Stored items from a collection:
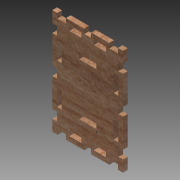
# Autodesk Inventor part: ceil_plate
Saved by Autodesk Inventor 2014 SP1 (Build 180222100, 222)
## iProperties
Created: 2013-12-24
Part Number: ceil_plate
Material: Wood (Birch)
Document SubType Name: Modeling
Designer: aoki
Density: 1 g/cm^3
Appearance: Birch - Natural Polished
Author: aoki
Autodesk Inventor part; units mm, degrees
ref_plane "YZ Plane" through (0, 0, 0) normal (1, 0, 0) x (0, 1, 0)
ref_plane "XZ Plane" through (0, 0, 0) normal (0, 1, 0) x (-1, 0, 0)
ref_plane "XY Plane" through (0, 0, 0) normal (0, 0, 1) x (1, 0, 0)
sketch "Block1" plane through (0, 0, 0) normal (0, 0, 1) x (1, 0, 0)
  line L0 (-50, 9) -> (-39, 9)
  line L1 (-39, 9) -> (-39, 4)
  line L2 (-39, 4) -> (-50, 4)
  line L3 (-50, 4) -> (-50, 9)
  line L4 (-39, -9) -> (-39, -4)
  line L5 (-50, -9) -> (-39, -9)
  line L6 (-50, -4) -> (-50, -9)
  line L7 (-39, -4) -> (-50, -4)
  line L8 (-39, 46) -> (-39, 41)
  line L9 (-50, 46) -> (-39, 46)
  line L10 (-50, 41) -> (-50, 46)
  line L11 (-39, 41) -> (-50, 41)
  line L12 (-39, -46) -> (-39, -41)
  line L13 (-50, -46) -> (-39, -46)
  line L14 (-50, -41) -> (-50, -46)
  line L15 (-39, -41) -> (-50, -41)
  point P0 (-44.5, 0)
  dimension "d59" = 11
  dimension "d60" = 5
  dimension "d62" = 11
  dimension "d63" = 5
  measures "d59" distance of L1.end L2.end
  measures "d60" distance of L0.end L1.end
  measures "d62" distance of L8.end L11.end
  measures "d63" distance of L9.end L8.end
sketch "Block2" plane through (0, 0, 0) normal (0, 0, 1) x (1, 0, 0)
  line L0 (-7.9, 59.1) -> (7.9, 59.1)
  line L1 (7.9, 59.1) -> (7.9, 50.1)
  line L2 (7.9, 50.1) -> (23.3, 50.1)
  line L3 (23.3, 50.1) -> (23.3, 59.1)
  line L4 (23.3, 59.1) -> (39.1, 59.1)
  line L5 (39.1, 59.1) -> (39.1, 50.1)
  line L6 (39.1, 50.1) -> (50.1, 50.1)
  line L7 (50.1, 50.1) -> (50.1, 41.9)
  line L8 (50.1, 41.9) -> (41.1, 41.9)
  line L9 (41.1, 41.9) -> (41.1, 36.1)
  line L10 (41.1, 36.1) -> (50.1, 36.1)
  line L11 (50.1, 36.1) -> (50.1, 12.9)
  line L12 (50.1, 12.9) -> (41.1, 12.9)
  line L13 (41.1, 12.9) -> (41.1, 7.1)
  line L14 (41.1, 7.1) -> (50.1, 7.1)
  line L15 (50.1, 7.1) -> (50.1, -7.1)
  line L16 (50.1, -7.1) -> (41.1, -7.1)
  line L17 (41.1, -7.1) -> (41.1, -12.9)
  line L18 (41.1, -12.9) -> (50.1, -12.9)
  line L19 (50.1, -12.9) -> (50.1, -36.1)
  line L20 (50.1, -36.1) -> (41.1, -36.1)
  line L21 (41.1, -36.1) -> (41.1, -41.9)
  line L22 (41.1, -41.9) -> (50.1, -41.9)
  line L23 (50.1, -41.9) -> (50.1, -50.1)
  line L24 (50.1, -50.1) -> (39.1, -50.1)
  line L25 (39.1, -50.1) -> (39.1, -59.1)
  line L26 (39.1, -59.1) -> (23.3, -59.1)
  line L27 (23.3, -59.1) -> (23.3, -50.1)
  line L28 (23.3, -50.1) -> (7.9, -50.1)
  line L29 (7.9, -50.1) -> (7.9, -59.1)
  line L30 (7.9, -59.1) -> (-7.9, -59.1)
  line L31 (-7.9, -59.1) -> (-7.9, -50.1)
  line L32 (-7.9, -50.1) -> (-23.3, -50.1)
  line L33 (-23.3, -50.1) -> (-23.3, -59.1)
  line L34 (-23.3, -59.1) -> (-39.1, -59.1)
  line L35 (-39.1, -59.1) -> (-39.1, -50.1)
  line L36 (-39.1, -50.1) -> (-50.1, -50.1)
  line L37 (-50.1, -50.1) -> (-50.1, -41.9)
  line L38 (-50.1, -41.9) -> (-41.1, -41.9)
  line L39 (-41.1, -41.9) -> (-41.1, -36.1)
  line L40 (-41.1, -36.1) -> (-50.1, -36.1)
  line L41 (-50.1, -36.1) -> (-50.1, -12.9)
  line L42 (-50.1, -12.9) -> (-41.1, -12.9)
  line L43 (-41.1, -12.9) -> (-41.1, -7.1)
  line L44 (-41.1, -7.1) -> (-50.1, -7.1)
  line L45 (-50.1, -7.1) -> (-50.1, 7.1)
  line L46 (-50.1, 7.1) -> (-41.1, 7.1)
  line L47 (-41.1, 7.1) -> (-41.1, 12.9)
  line L48 (-41.1, 12.9) -> (-50.1, 12.9)
  line L49 (-50.1, 12.9) -> (-50.1, 36.1)
  line L50 (-50.1, 36.1) -> (-41.1, 36.1)
  line L51 (-41.1, 36.1) -> (-41.1, 41.9)
  line L52 (-41.1, 41.9) -> (-50.1, 41.9)
  line L53 (-50.1, 41.9) -> (-50.1, 50.1)
  line L54 (-50.1, 50.1) -> (-39.1, 50.1)
  line L55 (-39.1, 50.1) -> (-39.1, 59.1)
  line L56 (-39.1, 59.1) -> (-23.3, 59.1)
  line L57 (-23.3, 59.1) -> (-23.3, 50.1)
  line L58 (-23.3, 50.1) -> (-7.9, 50.1)
  line L59 (-7.9, 50.1) -> (-7.9, 59.1)
  line L60 (-29.9, 33.4333) -> (-39.1, 33.4333)
  line L61 (-39.1, 33.4333) -> (-39.1, 13.2333)
  line L62 (-39.1, 13.2333) -> (-29.9, 13.2333)
  line L63 (-29.9, 13.2333) -> (-29.9, 33.4333)
  line L64 (-29.9, -13.2333) -> (-39.1, -13.2333)
  line L65 (-39.1, -13.2333) -> (-39.1, -33.4333)
  line L66 (-39.1, -33.4333) -> (-29.9, -33.4333)
  line L67 (-29.9, -33.4333) -> (-29.9, -13.2333)
  line L68 (39.1, 33.4333) -> (39.1, 13.2333)
  line L69 (39.1, 13.2333) -> (29.9, 13.2333)
  line L70 (29.9, 13.2333) -> (29.9, 33.4333)
  line L71 (29.9, 33.4333) -> (39.1, 33.4333)
  line L72 (39.1, -13.2333) -> (29.9, -13.2333)
  line L73 (29.9, -13.2333) -> (29.9, -33.4333)
  line L74 (29.9, -33.4333) -> (39.1, -33.4333)
  line L75 (39.1, -33.4333) -> (39.1, -13.2333)
  point P0 (0, 0)
sketch "Block3" plane through (0, 0, 0) normal (0, 0, 1) x (1, 0, 0)
  line L0 (23.2, 59.2) -> (39.2, 59.2)
  line L1 (39.2, 59.2) -> (39.2, 50.2)
  line L2 (39.2, 50.2) -> (50.2, 50.2)
  line L3 (50.2, 50.2) -> (50.2, 41.8)
  line L4 (50.2, 41.8) -> (41.2, 41.8)
  line L5 (41.2, 41.8) -> (41.2, 36.2)
  line L6 (41.2, 36.2) -> (50.2, 36.2)
  line L7 (50.2, 36.2) -> (50.2, 12.8)
  line L8 (50.2, 12.8) -> (41.2, 12.8)
  line L9 (41.2, 12.8) -> (41.2, 7.2)
  line L10 (41.2, 7.2) -> (50.2, 7.2)
  line L11 (50.2, 7.2) -> (50.2, -7.2)
  line L12 (50.2, -7.2) -> (41.2, -7.2)
  line L13 (41.2, -7.2) -> (41.2, -12.8)
  line L14 (41.2, -12.8) -> (50.2, -12.8)
  line L15 (50.2, -12.8) -> (50.2, -36.2)
  line L16 (50.2, -36.2) -> (41.2, -36.2)
  line L17 (41.2, -36.2) -> (41.2, -41.8)
  line L18 (41.2, -41.8) -> (50.2, -41.8)
  line L19 (50.2, -41.8) -> (50.2, -50.2)
  line L20 (50.2, -50.2) -> (39.2, -50.2)
  line L21 (39.2, -50.2) -> (39.2, -59.2)
  line L22 (39.2, -59.2) -> (23.2, -59.2)
  line L23 (23.2, -59.2) -> (23.2, -50.2)
  line L24 (23.2, -50.2) -> (8, -50.2)
  line L25 (8, -50.2) -> (8, -59.2)
  line L26 (8, -59.2) -> (-8, -59.2)
  line L27 (-8, -59.2) -> (-8, -50.2)
  line L28 (-8, -50.2) -> (-23.2, -50.2)
  line L29 (-23.2, -50.2) -> (-23.2, -59.2)
  line L30 (-23.2, -59.2) -> (-39.2, -59.2)
  line L31 (-39.2, -59.2) -> (-39.2, -50.2)
  line L32 (-39.2, -50.2) -> (-50.2, -50.2)
  line L33 (-50.2, -50.2) -> (-50.2, -41.8)
  line L34 (-50.2, -41.8) -> (-41.2, -41.8)
  line L35 (-41.2, -41.8) -> (-41.2, -36.2)
  line L36 (-41.2, -36.2) -> (-50.2, -36.2)
  line L37 (-50.2, -36.2) -> (-50.2, -12.8)
  line L38 (-50.2, -12.8) -> (-41.2, -12.8)
  line L39 (-41.2, -12.8) -> (-41.2, -7.2)
  line L40 (-41.2, -7.2) -> (-50.2, -7.2)
  line L41 (-50.2, -7.2) -> (-50.2, 7.2)
  line L42 (-50.2, 7.2) -> (-41.2, 7.2)
  line L43 (-41.2, 7.2) -> (-41.2, 12.8)
  line L44 (-41.2, 12.8) -> (-50.2, 12.8)
  line L45 (-50.2, 12.8) -> (-50.2, 36.2)
  line L46 (-50.2, 36.2) -> (-41.2, 36.2)
  line L47 (-41.2, 36.2) -> (-41.2, 41.8)
  line L48 (-41.2, 41.8) -> (-50.2, 41.8)
  line L49 (-50.2, 41.8) -> (-50.2, 50.2)
  line L50 (-50.2, 50.2) -> (-39.2, 50.2)
  line L51 (-39.2, 50.2) -> (-39.2, 59.2)
  line L52 (-39.2, 59.2) -> (-23.2, 59.2)
  line L53 (-23.2, 59.2) -> (-23.2, 50.2)
  line L54 (-23.2, 50.2) -> (-8, 50.2)
  line L55 (-8, 50.2) -> (-8, 59.2)
  line L56 (-8, 59.2) -> (8, 59.2)
  line L57 (8, 59.2) -> (8, 50.2)
  line L58 (8, 50.2) -> (23.2, 50.2)
  line L59 (23.2, 50.2) -> (23.2, 59.2)
  line L60 (-29.8, 33.5333) -> (-39.2, 33.5333)
  line L61 (-39.2, 33.5333) -> (-39.2, 13.1333)
  line L62 (-39.2, 13.1333) -> (-29.8, 13.1333)
  line L63 (-29.8, 13.1333) -> (-29.8, 33.5333)
  line L64 (-29.8, -13.1333) -> (-39.2, -13.1333)
  line L65 (-39.2, -13.1333) -> (-39.2, -33.5333)
  line L66 (-39.2, -33.5333) -> (-29.8, -33.5333)
  line L67 (-29.8, -33.5333) -> (-29.8, -13.1333)
  line L68 (39.2, 33.5333) -> (39.2, 13.1333)
  line L69 (39.2, 13.1333) -> (29.8, 13.1333)
  line L70 (29.8, 13.1333) -> (29.8, 33.5333)
  line L71 (29.8, 33.5333) -> (39.2, 33.5333)
  line L72 (39.2, -13.1333) -> (29.8, -13.1333)
  line L73 (29.8, -13.1333) -> (29.8, -33.5333)
  line L74 (29.8, -33.5333) -> (39.2, -33.5333)
  line L75 (39.2, -33.5333) -> (39.2, -13.1333)
  point P0 (0, 0)
sketch "Block4" plane through (0, 0, 0) normal (0, 0, 1) x (1, 0, 0)
  line L0 (23.3, 59.1) -> (39.1, 59.1)
  line L1 (39.1, 59.1) -> (39.1, 50.1)
  line L2 (39.1, 50.1) -> (50.1, 50.1)
  line L3 (50.1, 50.1) -> (50.1, 41.9)
  line L4 (50.1, 41.9) -> (41.1, 41.9)
  line L5 (41.1, 41.9) -> (41.1, 36.1)
  line L6 (41.1, 36.1) -> (50.1, 36.1)
  line L7 (50.1, 36.1) -> (50.1, 12.9)
  line L8 (50.1, 12.9) -> (41.1, 12.9)
  line L9 (41.1, 12.9) -> (41.1, 7.1)
  line L10 (41.1, 7.1) -> (50.1, 7.1)
  line L11 (50.1, 7.1) -> (50.1, -7.1)
  line L12 (50.1, -7.1) -> (41.1, -7.1)
  line L13 (41.1, -7.1) -> (41.1, -12.9)
  line L14 (41.1, -12.9) -> (50.1, -12.9)
  line L15 (50.1, -12.9) -> (50.1, -36.1)
  line L16 (50.1, -36.1) -> (41.1, -36.1)
  line L17 (41.1, -36.1) -> (41.1, -41.9)
  line L18 (41.1, -41.9) -> (50.1, -41.9)
  line L19 (50.1, -41.9) -> (50.1, -50.1)
  line L20 (50.1, -50.1) -> (39.1, -50.1)
  line L21 (39.1, -50.1) -> (39.1, -59.1)
  line L22 (39.1, -59.1) -> (23.3, -59.1)
  line L23 (23.3, -59.1) -> (23.3, -50.1)
  line L24 (23.3, -50.1) -> (7.9, -50.1)
  line L25 (7.9, -50.1) -> (7.9, -59.1)
  line L26 (7.9, -59.1) -> (-7.9, -59.1)
  line L27 (-7.9, -59.1) -> (-7.9, -50.1)
  line L28 (-7.9, -50.1) -> (-23.3, -50.1)
  line L29 (-23.3, -50.1) -> (-23.3, -59.1)
  line L30 (-23.3, -59.1) -> (-39.1, -59.1)
  line L31 (-39.1, -59.1) -> (-39.1, -50.1)
  line L32 (-39.1, -50.1) -> (-50.1, -50.1)
  line L33 (-50.1, -50.1) -> (-50.1, -41.9)
  line L34 (-50.1, -41.9) -> (-41.1, -41.9)
  line L35 (-41.1, -41.9) -> (-41.1, -36.1)
  line L36 (-41.1, -36.1) -> (-50.1, -36.1)
  line L37 (-50.1, -36.1) -> (-50.1, -12.9)
  line L38 (-50.1, -12.9) -> (-41.1, -12.9)
  line L39 (-41.1, -12.9) -> (-41.1, -7.1)
  line L40 (-41.1, -7.1) -> (-50.1, -7.1)
  line L41 (-50.1, -7.1) -> (-50.1, 7.1)
  line L42 (-50.1, 7.1) -> (-41.1, 7.1)
  line L43 (-41.1, 7.1) -> (-41.1, 12.9)
  line L44 (-41.1, 12.9) -> (-50.1, 12.9)
  line L45 (-50.1, 12.9) -> (-50.1, 36.1)
  line L46 (-50.1, 36.1) -> (-41.1, 36.1)
  line L47 (-41.1, 36.1) -> (-41.1, 41.9)
  line L48 (-41.1, 41.9) -> (-50.1, 41.9)
  line L49 (-50.1, 41.9) -> (-50.1, 50.1)
  line L50 (-50.1, 50.1) -> (-39.1, 50.1)
  line L51 (-39.1, 50.1) -> (-39.1, 59.1)
  line L52 (-39.1, 59.1) -> (-23.3, 59.1)
  line L53 (-23.3, 59.1) -> (-23.3, 50.1)
  line L54 (-23.3, 50.1) -> (-7.9, 50.1)
  line L55 (-7.9, 50.1) -> (-7.9, 59.1)
  line L56 (-7.9, 59.1) -> (7.9, 59.1)
  line L57 (7.9, 59.1) -> (7.9, 50.1)
  line L58 (7.9, 50.1) -> (23.3, 50.1)
  line L59 (23.3, 50.1) -> (23.3, 59.1)
  line L60 (-29.9, 33.4333) -> (-39.1, 33.4333)
  line L61 (-39.1, 33.4333) -> (-39.1, 13.2333)
  line L62 (-39.1, 13.2333) -> (-29.9, 13.2333)
  line L63 (-29.9, 13.2333) -> (-29.9, 33.4333)
  line L64 (-29.9, -13.2333) -> (-39.1, -13.2333)
  line L65 (-39.1, -13.2333) -> (-39.1, -33.4333)
  line L66 (-39.1, -33.4333) -> (-29.9, -33.4333)
  line L67 (-29.9, -33.4333) -> (-29.9, -13.2333)
  line L68 (39.1, 33.4333) -> (39.1, 13.2333)
  line L69 (39.1, 13.2333) -> (29.9, 13.2333)
  line L70 (29.9, 13.2333) -> (29.9, 33.4333)
  line L71 (29.9, 33.4333) -> (39.1, 33.4333)
  line L72 (39.1, -13.2333) -> (29.9, -13.2333)
  line L73 (29.9, -13.2333) -> (29.9, -33.4333)
  line L74 (29.9, -33.4333) -> (39.1, -33.4333)
  line L75 (39.1, -33.4333) -> (39.1, -13.2333)
  point P0 (0, 0)
sketch "Block5" plane through (0, 0, 0) normal (0, 0, 1) x (1, 0, 0)
  line L0 (-7.18, 55.58) -> (7.18, 55.58)
  line L1 (7.18, 55.58) -> (7.18, 50.08)
  line L2 (7.18, 50.08) -> (21.22, 50.08)
  line L3 (21.22, 50.08) -> (21.22, 55.58)
  line L4 (21.22, 55.58) -> (35.58, 55.58)
  line L5 (35.58, 55.58) -> (35.58, 53.58)
  line L6 (35.58, 53.58) -> (46.58, 53.58)
  line L7 (46.58, 53.58) -> (46.58, 38.42)
  line L8 (46.58, 38.42) -> (41.08, 38.42)
  line L9 (41.08, 38.42) -> (41.08, 32.58)
  line L10 (41.08, 32.58) -> (46.58, 32.58)
  line L11 (46.58, 32.58) -> (46.58, 12.92)
  line L12 (46.58, 12.92) -> (41.08, 12.92)
  line L13 (41.08, 12.92) -> (41.08, 7.08)
  line L14 (41.08, 7.08) -> (46.58, 7.08)
  line L15 (46.58, 7.08) -> (46.58, -7.08)
  line L16 (46.58, -7.08) -> (41.08, -7.08)
  line L17 (41.08, -7.08) -> (41.08, -12.92)
  line L18 (41.08, -12.92) -> (46.58, -12.92)
  line L19 (46.58, -12.92) -> (46.58, -32.58)
  line L20 (46.58, -32.58) -> (41.08, -32.58)
  line L21 (41.08, -32.58) -> (41.08, -38.42)
  line L22 (41.08, -38.42) -> (46.58, -38.42)
  line L23 (46.58, -38.42) -> (46.58, -46.58)
  line L24 (46.58, -46.58) -> (35.58, -46.58)
  line L25 (35.58, -46.58) -> (35.58, -55.58)
  line L26 (35.58, -55.58) -> (21.22, -55.58)
  line L27 (21.22, -55.58) -> (21.22, -50.08)
  line L28 (21.22, -50.08) -> (7.18, -50.08)
  line L29 (7.18, -50.08) -> (7.18, -55.58)
  line L30 (7.18, -55.58) -> (-7.18, -55.58)
  line L31 (-7.18, -55.58) -> (-7.18, -50.08)
  line L32 (-7.18, -50.08) -> (-21.22, -50.08)
  line L33 (-21.22, -50.08) -> (-21.22, -55.58)
  line L34 (-21.22, -55.58) -> (-35.58, -55.58)
  line L35 (-35.58, -55.58) -> (-35.58, -46.58)
  line L36 (-35.58, -46.58) -> (-46.58, -46.58)
  line L37 (-46.58, -46.58) -> (-46.58, -38.42)
  line L38 (-46.58, -38.42) -> (-41.08, -38.42)
  line L39 (-41.08, -38.42) -> (-41.08, -32.58)
  line L40 (-41.08, -32.58) -> (-46.58, -32.58)
  line L41 (-46.58, -32.58) -> (-46.58, -12.92)
  line L42 (-46.58, -12.92) -> (-41.08, -12.92)
  line L43 (-41.08, -12.92) -> (-41.08, -7.08)
  line L44 (-41.08, -7.08) -> (-46.58, -7.08)
  line L45 (-46.58, -7.08) -> (-46.58, 7.08)
  line L46 (-46.58, 7.08) -> (-41.08, 7.08)
  line L47 (-41.08, 7.08) -> (-41.08, 12.92)
  line L48 (-41.08, 12.92) -> (-46.58, 12.92)
  line L49 (-46.58, 12.92) -> (-46.58, 32.58)
  line L50 (-46.58, 32.58) -> (-41.08, 32.58)
  line L51 (-41.08, 32.58) -> (-41.08, 38.42)
  line L52 (-41.08, 38.42) -> (-46.58, 38.42)
  line L53 (-46.58, 38.42) -> (-46.58, 53.58)
  line L54 (-46.58, 53.58) -> (-35.58, 53.58)
  line L55 (-35.58, 53.58) -> (-35.58, 55.58)
  line L56 (-35.58, 55.58) -> (-21.22, 55.58)
  line L57 (-21.22, 55.58) -> (-21.22, 50.08)
  line L58 (-21.22, 50.08) -> (-7.18, 50.08)
  line L59 (-7.18, 50.08) -> (-7.18, 55.58)
  line L60 (-29.92, 33.4133) -> (-35.58, 33.4133)
  line L61 (-35.58, 33.4133) -> (-35.58, 13.2533)
  line L62 (-35.58, 13.2533) -> (-29.92, 13.2533)
  line L63 (-29.92, 13.2533) -> (-29.92, 33.4133)
  line L64 (-29.92, -13.2533) -> (-35.58, -13.2533)
  line L65 (-35.58, -13.2533) -> (-35.58, -33.4133)
  line L66 (-35.58, -33.4133) -> (-29.92, -33.4133)
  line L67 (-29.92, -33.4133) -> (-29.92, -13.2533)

### Work order
Please reproduce, word for word, every line from the first line of the records above through the line containing "Autodesk Inventor part; units mm, degrees", and leave out the pictures.

### Answer space
# Autodesk Inventor part: ceil_plate
Saved by Autodesk Inventor 2014 SP1 (Build 180222100, 222)
## iProperties
Created: 2013-12-24
Part Number: ceil_plate
Material: Wood (Birch)
Document SubType Name: Modeling
Designer: aoki
Density: 1 g/cm^3
Appearance: Birch - Natural Polished
Author: aoki
Autodesk Inventor part; units mm, degrees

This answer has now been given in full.